The question whether the filed rate doctrine applies to rates set by the legislature, as opposed to rates filed by a utility with a regulatory agency, appears to be novel. Neither the district court nor the parties' briefs on the motion to dismiss identified any case that was directly on-point. Moreover, the district court's analysis leaves some open questions.
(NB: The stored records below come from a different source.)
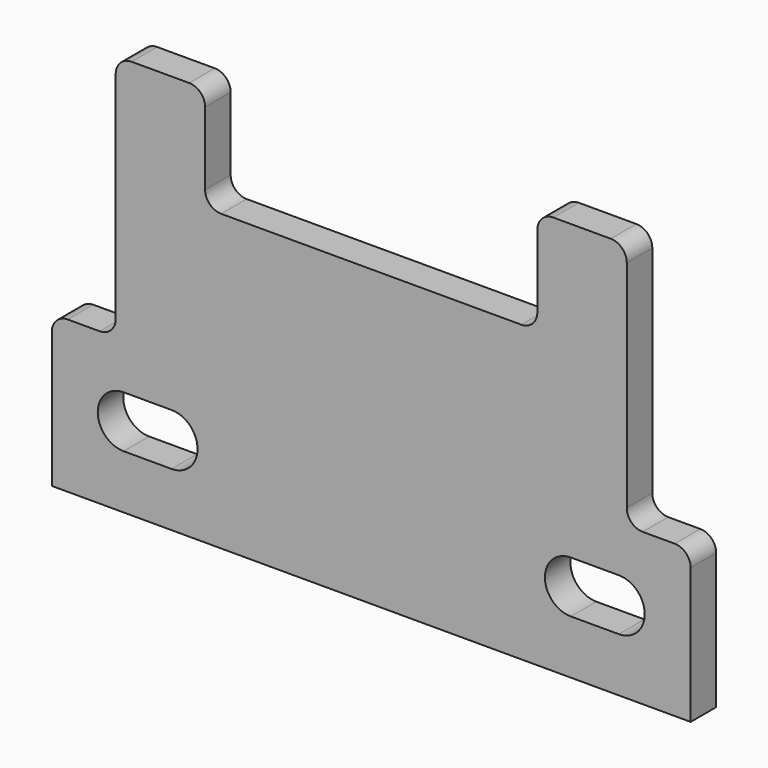
from build123d import *

# Parameters (mm, degrees)
F1_DEPTH = 3.175
F2_R     = 1.5875
F4_DEPTH = 3.175


with BuildPart() as f1:
    # F0 (on Front) → F1 (new body)
    with BuildSketch(Plane.XZ):
        Polygon((0, 15.08125), (0, 0), (63.5, 0), (63.5, 15.08125), (57.15, 15.08125), (57.15, 39.7002), (48.26, 39.7002), (48.26, 29.2862), (15.24, 29.2862), (15.24, 39.7002), (6.35, 39.7002), (6.35, 15.08125), align=None)
    extrude(amount=F1_DEPTH)

    # F2
    f2_edges = [f1.edges().sort_by_distance(p)[0] for p in [
        (6.35, -1.5875, 39.7002),
        (6.35, -1.5875, 15.08125),
        (0, -1.5875, 15.08125),
        (15.24, -1.5875, 39.7002),
        (48.26, -1.5875, 39.7002),
        (57.15, -1.5875, 39.7002),
        (57.15, -1.5875, 15.08125),
        (63.5, -1.5875, 15.08125),
        (48.26, -1.5875, 29.2862),
        (15.24, -1.5875, 29.2862),
    ]]
    fillet(f2_edges, radius=F2_R)

    # F3 (on face) → F4 (cut)
    with BuildSketch(Plane.XZ.offset(3.175)):
        with BuildLine():
            Line((51.59375, 5.3594), (56.35625, 5.3594))
            ThreePointArc((56.35625, 5.3594), (58.93435, 7.9375), (56.35625, 10.5156))
            Line((56.35625, 10.5156), (51.59375, 10.5156))
            ThreePointArc((51.59375, 10.5156), (49.01565, 7.9375), (51.59375, 5.3594))
        make_face()
        with BuildLine():
            Line((7.14375, 5.3594), (11.90625, 5.3594))
            ThreePointArc((11.90625, 5.3594), (14.48435, 7.9375), (11.90625, 10.5156))
            Line((11.90625, 10.5156), (7.14375, 10.5156))
            ThreePointArc((7.14375, 10.5156), (4.56565, 7.9375), (7.14375, 5.3594))
        make_face()
    extrude(amount=-F4_DEPTH, mode=Mode.SUBTRACT)


solid = f1.part
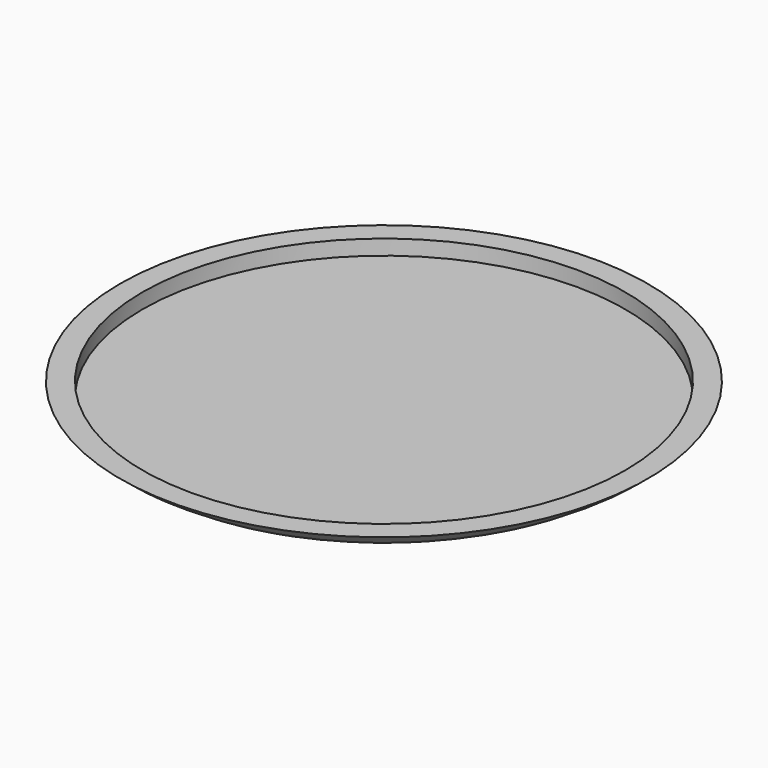
from build123d import *


# Not quite as in the source:
# - a fillet or chamfer that OpenCascade refuses, or shapes differently, is made with other operations: its cross-section is extruded or revolved along the edge and cut away or added


with BuildPart() as f1:
    # F0 (on Front) → F1 (revolve)
    with BuildSketch(Plane.XZ):
        Polygon((-35, 0), (0, 0), (0, 3), (-32, 3), (-32, 5), (-35, 5), align=None)
    revolve(axis=Axis((0, 0, 1.5), (0, 0, -1)))

    # F2: fillet of radius 20 on 1 edges, made by hand

    # F2_s1 → F2_t2 (revolve, cut)
    with BuildSketch(Plane.XZ):
        with BuildLine():
            ThreePointArc((-21.7712434447, 0), (-28.8423112565, 1.2917130661), (-35, 5))
            Line((-35, 5), (-35, 0))
            Line((-35, 0), (-21.7712434447, 0))
        make_face()
    revolve(axis=Axis((0, 0, 0), (0, 0, -1)), mode=Mode.SUBTRACT)


solid = f1.part
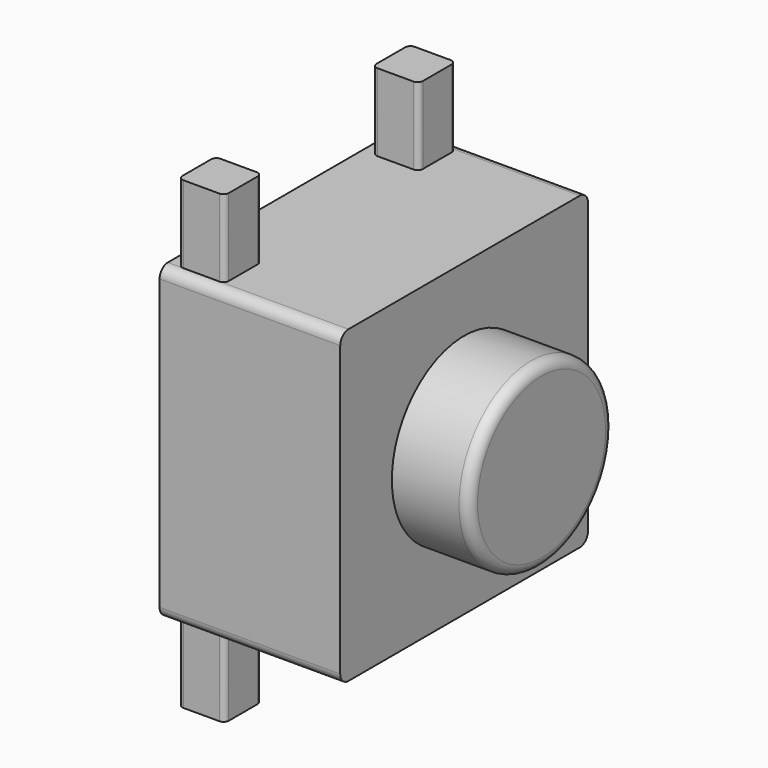
from build123d import *

# Parameters (mm, degrees)
F0_W     = 6
F0_H     = 6
F1_DEPTH = 1.75
F2_R     = 1.75
F3_DEPTH = 1.5
F4_R     = 0.2
F6_DEPTH = 1.5


# Not quite as in the source:
# - a pattern or mirror of a feature is missing from the dataset's text; its kind, count and spacing are read off the source's solid


with BuildPart() as f1:
    # F0 (on Right) → F1 (new body, symmetric)
    with BuildSketch(Plane.YZ):
        Rectangle(F0_W, F0_H)
    extrude(amount=F1_DEPTH, both=True)

    # F2 (on face) → F3 (join)
    with BuildSketch(Plane.YZ.offset(1.75)):
        Circle(F2_R)
    extrude(amount=F3_DEPTH)

    # F4
    f4_edges = [f1.edges().sort_by_distance(p)[0] for p in [
        (3.25, -1.75, 0),
        (0, -3, 3),
        (0, 3, 3),
        (0, 3, -3),
        (0, -3, -3),
    ]]
    fillet(f4_edges, radius=F4_R)

    # F5 (on face) → F6 (join)
    with BuildSketch(Plane.XY.offset(3)):
        with BuildLine():
            ThreePointArc((-1.55, -2.7), (-1.5207106781, -2.7707106781), (-1.45, -2.8))
            Line((-1.45, -2.8), (-0.75, -2.8))
            ThreePointArc((-0.75, -2.8), (-0.6792893219, -2.7707106781), (-0.65, -2.7))
            Line((-0.65, -2.7), (-0.65, -2))
            ThreePointArc((-0.65, -2), (-0.6792893219, -1.9292893219), (-0.75, -1.9))
            Line((-0.75, -1.9), (-1.45, -1.9))
            ThreePointArc((-1.45, -1.9), (-1.5207106781, -1.9292893219), (-1.55, -2))
            Line((-1.55, -2), (-1.55, -2.7))
        make_face()
        with BuildLine():
            ThreePointArc((-0.65, 2.7), (-0.6792893219, 2.7707106781), (-0.75, 2.8))
            Line((-0.75, 2.8), (-1.45, 2.8))
            ThreePointArc((-1.45, 2.8), (-1.5207106781, 2.7707106781), (-1.55, 2.7))
            Line((-1.55, 2.7), (-1.55, 2))
            ThreePointArc((-1.55, 2), (-1.5207106781, 1.9292893219), (-1.45, 1.9))
            Line((-1.45, 1.9), (-0.75, 1.9))
            ThreePointArc((-0.75, 1.9), (-0.6792893219, 1.9292893219), (-0.65, 2))
            Line((-0.65, 2), (-0.65, 2.7))
        make_face()
    f6 = extrude(amount=F6_DEPTH)

    # F6_copies: F6 across plane
    add(f6.mirror(Plane(origin=(0, 0, 0), x_dir=(-1, 0, 0), z_dir=(0, 0, -1))))


solid = f1.part

In particular, there are two main policy concerns behind applying the filed rate doctrine to bar claims that seek to deviate from filed tariffs. One is non-discrimination, which seeks to ensure that all similarly-situated customers pay the same amount. If relief is granted to the plaintiffs and not all rate payers equally, the non-discrimination policy would be violated. The second policy is non-justiciability, which seeks to ensure courts do not invade the exclusive province of expert agencies with respect to setting the proper rate and recognizes that courts are not well-suited to address ratesetting issues. The court in First Energy concluded that neither policy applies when a legislature, rather than an agency, sets rates, but it did not spell out its rationale. The court also gave no weight to FirstEnergy's argument that the state public utility commission does have a role in implementing HB 6, in that it determines the method of allocation of surcharges and sets the "level and structure of the charge" (see Ohio Rev. Code § 3706.46(A)(2)), but did not explain why the agency's involvement in setting the level and structure of the charge would necessarily be irrelevant in this context. It also is unclear from the opinion whether the surcharge or other rate increases required by HB 6 would eventually be reflected in any tariff.

Although situations where a legislature is deemed to directly set rates may not arise often, the apparently novel issue in Smith v. FirstEnergy certainly could arise again. In particular, there is a pending case in Illinois state court involving the major electric utility, Commonwealth Edison, and allegations that bribery or fraudulent conduct led to passage of an Illinois statute regarding adjustments to electric rates. Kuhn v. Commonwealth Edison Co., No. 2020-CH-05138 (Cook County Circuit Court). The Illinois statute is quite different than the Ohio statute, of course, but Commonwealth Edison has raised the filed rate doctrine as a defense and it is possible the plaintiffs will respond by asserting, as in Smith v. FirstEnergy, that the rate increases were more the product of a statute than of regulatory action.